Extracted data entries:
- - -
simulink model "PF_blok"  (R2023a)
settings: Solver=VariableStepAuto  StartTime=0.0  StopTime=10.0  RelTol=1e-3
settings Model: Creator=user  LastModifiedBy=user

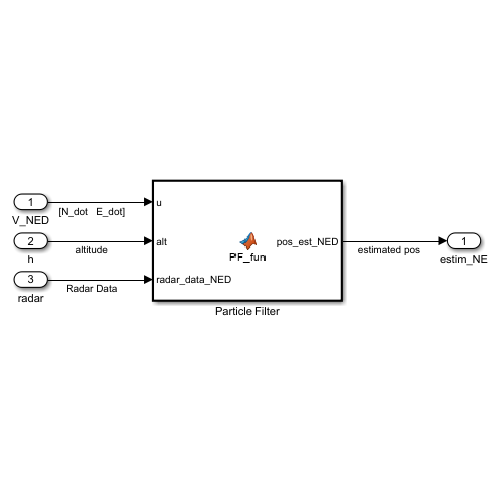
[thumbnail: Simulink's stored preview of the top-level diagram]
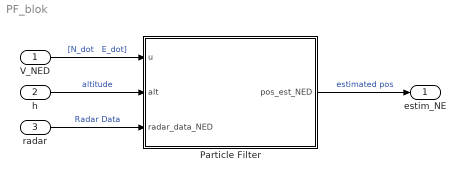
== system PF_blok ==
  V_NED : Inport
  h : Inport  Port=2
  radar : Inport  Port=3
  Particle Filter : MATLAB Function  TreatAsAtomicUnit=on
  estim_NE : Outport
  wires:
  V_NED/1 -> Particle Filter/1(u)  "[N_dot   E_dot]"
  radar/1 -> Particle Filter/3(radar_data_NED)  "Radar Data"
  h/1 -> Particle Filter/2(alt)  "altitude"
  Particle Filter/1(pos_est_NED) -> estim_NE/1  "estimated pos"

== matlab function PF_blok/Particle Filter ==
  data: u input; alt input; pos_est_NED output; radar_data_NED input
function pos_est_NED  = PF_fun(u, alt, radar_data_NED)

% input vector consist of V_N and V_E, those 2 array will be used for
% particles movement through particles kinematic model
% u = [V_N  V_E]; % input vector

% pos_cur_NED = current position of aircraft in NED

% Radar Data
% Radar Data is a 3D array that size is 81x3xSimArray. Unity radar model is
% raycasting throught DTED model with 9x9 square radar beam. Radar Data
% store each 81 points NED position relative to aircraft that touch to DTED surface.
% Those Radar Data will be used for measuring particles DTED altitude when
% they spread in sampling space through interpolation from DTED model.
% radar_data_NED = 81x3

% Move particles for Particle Filter algorithm with u matrix 
PF.particle_step(u);

% Update weights of Particles based on real data value
PF.update_weights(radar_data_NED, alt, dted_grid)

% Take mean and var variable for estimation metrics
[pos_est_NED, var] = PF.estimate();

end
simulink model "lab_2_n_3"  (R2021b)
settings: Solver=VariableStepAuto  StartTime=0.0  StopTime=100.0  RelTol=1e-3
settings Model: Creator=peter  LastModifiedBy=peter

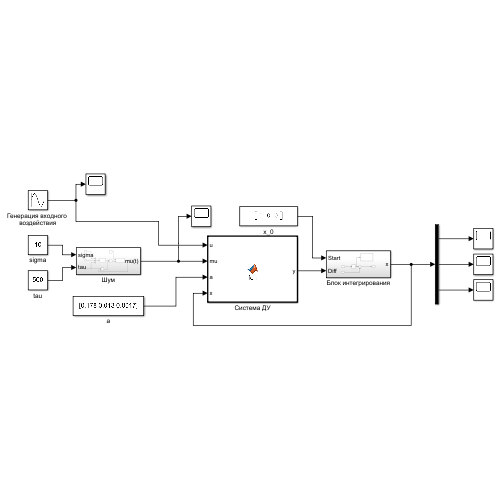
[thumbnail: Simulink's stored preview of the top-level diagram]
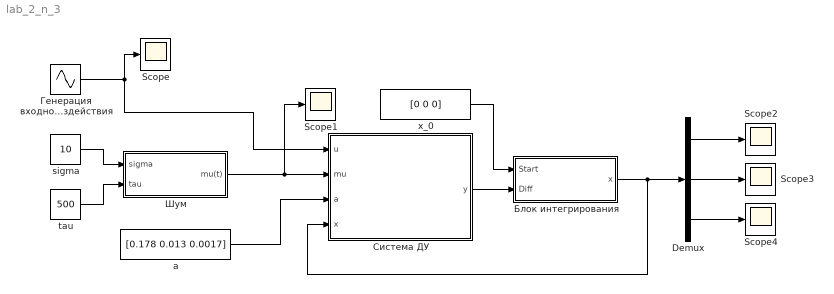
== system lab_2_n_3 ==
  Demux : Demux  Outputs=3
  Scope{,1..4} (5 alike) : Scope
  a : Constant  Value=[0.178 0.013 0.0017]
  sigma : Constant  Value=10
  tau : Constant  Value=500
  x_0 : Constant  Value=[0 0 0]
  Блок интегрирования : Subsystem
  Генерация входного воздействия : Sin  Frequency=0.05  SampleTime=0
  Система ДУ : MATLAB Function  TreatAsAtomicUnit=on
  Шум : Subsystem
  wires:
  Demux/1 -> Scope2/1
  Demux/2 -> Scope3/1
  Demux/3 -> Scope4/1
  Блок интегрирования/1(x) -> Система ДУ/4(x), Demux/1
  x_0/1 -> Блок интегрирования/1(Start)
  Шум/1(mu(t)) -> Система ДУ/2(mu), Scope1/1
  tau/1 -> Шум/2(tau)
  sigma/1 -> Шум/1(sigma)
  Генерация входного воздействия/1 -> Система ДУ/1(u), Scope/1
  a/1 -> Система ДУ/3(a)
  Система ДУ/1(y) -> Блок интегрирования/2(Diff)

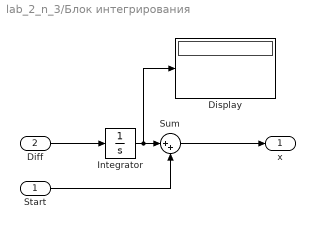
== system lab_2_n_3/Блок интегрирования ==
  Start : Inport
  Diff : Inport  Port=2
  Display : Display
  Integrator : Integrator
  Sum : Sum  Inputs=|++
  x : Outport
  wires:
  Diff/1 -> Integrator/1
  Sum/1 -> x/1
  Integrator/1 -> Display/1, Sum/1
  Start/1 -> Sum/2

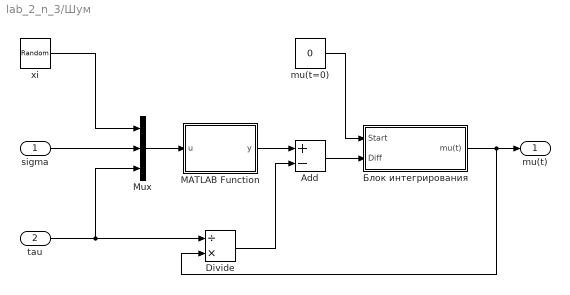
== system lab_2_n_3/Шум ==
  sigma : Inport
  tau : Inport  Port=2
  Add : Sum  Inputs=+-
  Divide : Product  Inputs=/*
  MATLAB Function : MATLAB Function  TreatAsAtomicUnit=on
  Mux : Mux  Inputs=3
  mu(t=0) : Constant  Value=0
  xi : RandomNumber  SampleTime=0.1
  Блок интегрирования : Subsystem
  mu(t) : Outport
  wires:
  mu(t=0)/1 -> Блок интегрирования/1(Start)
  Блок интегрирования/1(mu(t)) -> Divide/2, mu(t)/1
  xi/1 -> Mux/1
  sigma/1 -> Mux/2
  tau/1 -> Mux/3, Divide/1
  Add/1 -> Блок интегрирования/2(Diff)
  Divide/1 -> Add/2
  MATLAB Function/1(y) -> Add/1
  Mux/1 -> MATLAB Function/1(u)

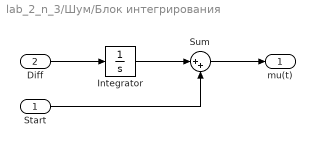
== system lab_2_n_3/Шум/Блок интегрирования ==
  Start : Inport
  Diff : Inport  Port=2
  Integrator : Integrator
  Sum : Sum  Inputs=|++
  mu(t) : Outport
  wires:
  Integrator/1 -> Sum/1
  Sum/1 -> mu(t)/1
  Diff/1 -> Integrator/1
  Start/1 -> Sum/2

== matlab function lab_2_n_3/Система ДУ ==
  data: u input; y output; mu input; a input; x input
function y = fcn(u,mu,a,x)
    dx_1=x(2);
    dx_2=x(3);
    dx_3=u+mu-a(1)*x(1)-a(2)*x(2)-a(3)*x(3);
y = [dx_1, 
    dx_2, 
    dx_3];

== matlab function lab_2_n_3/Шум/MATLAB Function ==
  data: u input; y output
function y = fcn(u)
    xi=u(1);
    sigma=u(2);
    tau=u(3);
    alpha=1/tau;
    k_f=sigma*sqrt(2*alpha);
y = k_f*xi;
- - -
▶ Your goal
Your task is to copy every line in the entries that holds the string "altitude".

▶ Task result
  h/1 -> Particle Filter/2(alt)  "altitude"
% Those Radar Data will be used for measuring particles DTED altitude when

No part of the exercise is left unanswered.